■ **Exercise prompt**
Taking the line with "and pattern name" as the start, reproduce every line until the records end, exactly and with nothing added.

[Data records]
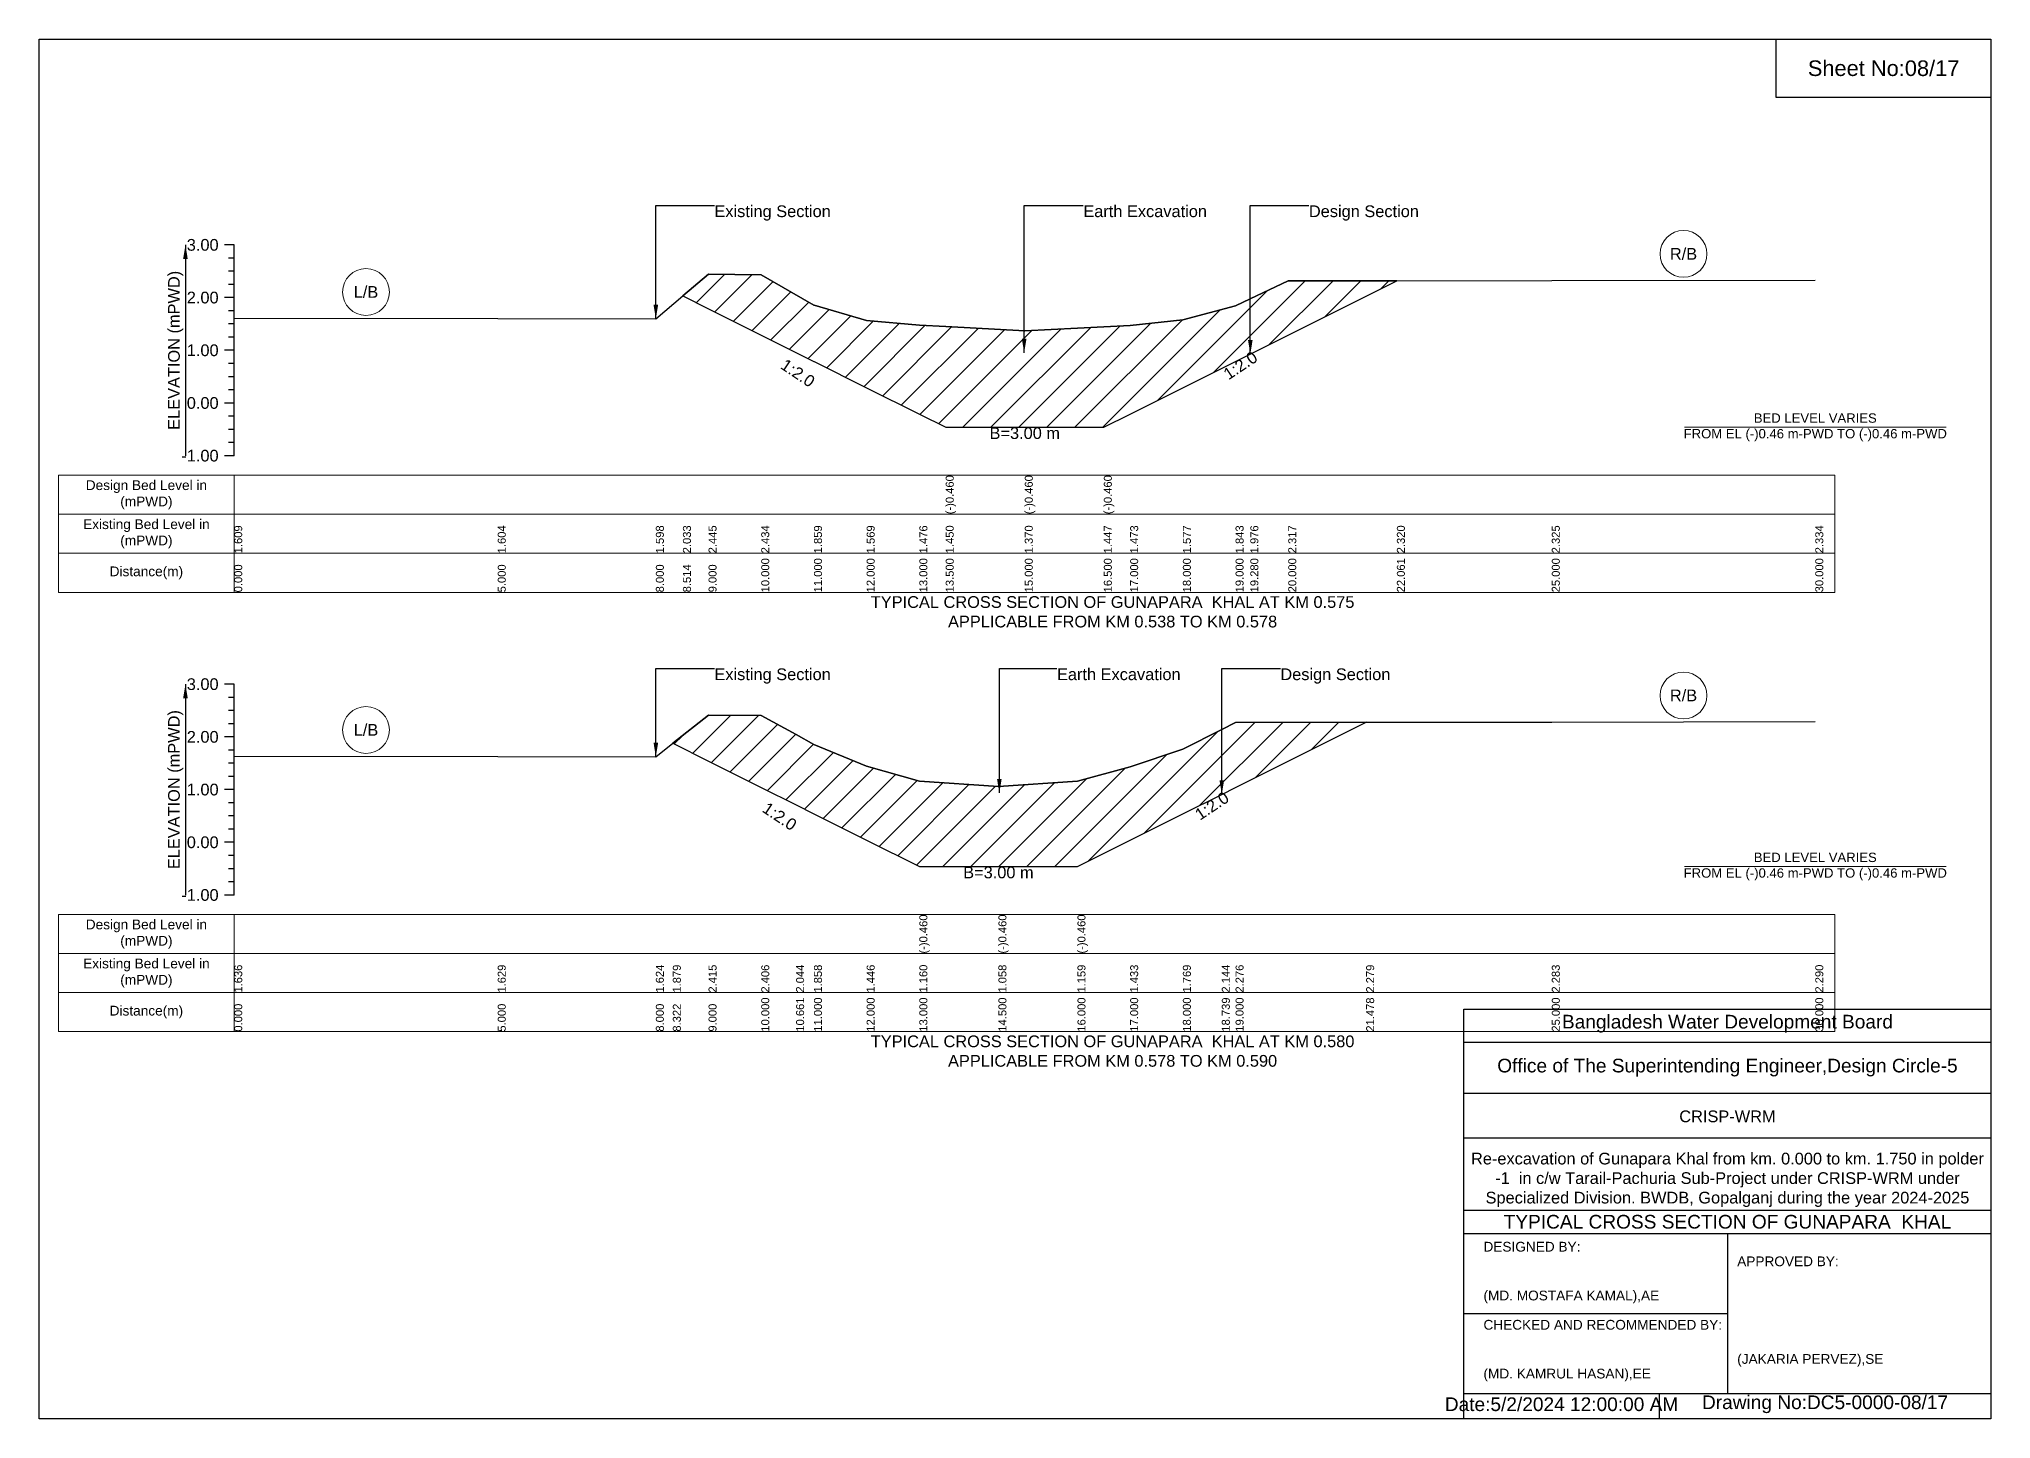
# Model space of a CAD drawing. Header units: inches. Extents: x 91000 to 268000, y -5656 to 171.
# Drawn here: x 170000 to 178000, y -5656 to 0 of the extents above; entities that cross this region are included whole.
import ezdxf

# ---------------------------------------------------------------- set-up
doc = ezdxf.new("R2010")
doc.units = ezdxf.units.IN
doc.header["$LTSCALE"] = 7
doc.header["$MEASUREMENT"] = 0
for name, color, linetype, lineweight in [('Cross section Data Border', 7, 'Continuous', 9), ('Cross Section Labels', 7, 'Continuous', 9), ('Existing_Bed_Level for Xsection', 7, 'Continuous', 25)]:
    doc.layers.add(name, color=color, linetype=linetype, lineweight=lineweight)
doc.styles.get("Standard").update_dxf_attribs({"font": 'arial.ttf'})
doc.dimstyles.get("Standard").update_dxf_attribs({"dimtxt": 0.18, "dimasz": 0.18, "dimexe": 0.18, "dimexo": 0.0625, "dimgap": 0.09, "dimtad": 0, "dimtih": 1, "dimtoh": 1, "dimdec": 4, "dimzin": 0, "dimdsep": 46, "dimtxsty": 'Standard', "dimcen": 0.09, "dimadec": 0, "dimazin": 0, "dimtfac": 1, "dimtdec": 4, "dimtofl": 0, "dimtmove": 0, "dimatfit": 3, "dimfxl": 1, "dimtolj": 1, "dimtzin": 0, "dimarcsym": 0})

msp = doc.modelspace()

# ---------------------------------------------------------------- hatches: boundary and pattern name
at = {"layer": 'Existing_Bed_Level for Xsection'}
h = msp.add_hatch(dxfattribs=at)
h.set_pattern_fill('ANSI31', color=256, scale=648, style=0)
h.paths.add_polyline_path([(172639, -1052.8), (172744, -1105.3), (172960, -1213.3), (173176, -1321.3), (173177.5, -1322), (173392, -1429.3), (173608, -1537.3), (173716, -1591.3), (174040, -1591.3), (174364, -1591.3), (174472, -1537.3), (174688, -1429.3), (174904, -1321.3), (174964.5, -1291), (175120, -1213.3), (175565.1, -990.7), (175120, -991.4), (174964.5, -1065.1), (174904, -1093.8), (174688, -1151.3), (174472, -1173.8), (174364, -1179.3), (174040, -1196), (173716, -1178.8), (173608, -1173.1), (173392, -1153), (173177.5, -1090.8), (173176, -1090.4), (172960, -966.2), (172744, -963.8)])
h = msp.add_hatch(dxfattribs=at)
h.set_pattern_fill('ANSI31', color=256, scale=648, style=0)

■ **Result**
# ---------------------------------------------------------------- hatches: boundary and pattern name
at = {"layer": 'Existing_Bed_Level for Xsection'}
h = msp.add_hatch(dxfattribs=at)
h.set_pattern_fill('ANSI31', color=256, scale=648, style=0)
h.paths.add_polyline_path([(172639, -1052.8), (172744, -1105.3), (172960, -1213.3), (173176, -1321.3), (173177.5, -1322), (173392, -1429.3), (173608, -1537.3), (173716, -1591.3), (174040, -1591.3), (174364, -1591.3), (174472, -1537.3), (174688, -1429.3), (174904, -1321.3), (174964.5, -1291), (175120, -1213.3), (175565.1, -990.7), (175120, -991.4), (174964.5, -1065.1), (174904, -1093.8), (174688, -1151.3), (174472, -1173.8), (174364, -1179.3), (174040, -1196), (173716, -1178.8), (173608, -1173.1), (173392, -1153), (173177.5, -1090.8), (173176, -1090.4), (172960, -966.2), (172744, -963.8)])
h = msp.add_hatch(dxfattribs=at)
h.set_pattern_fill('ANSI31', color=256, scale=648, style=0)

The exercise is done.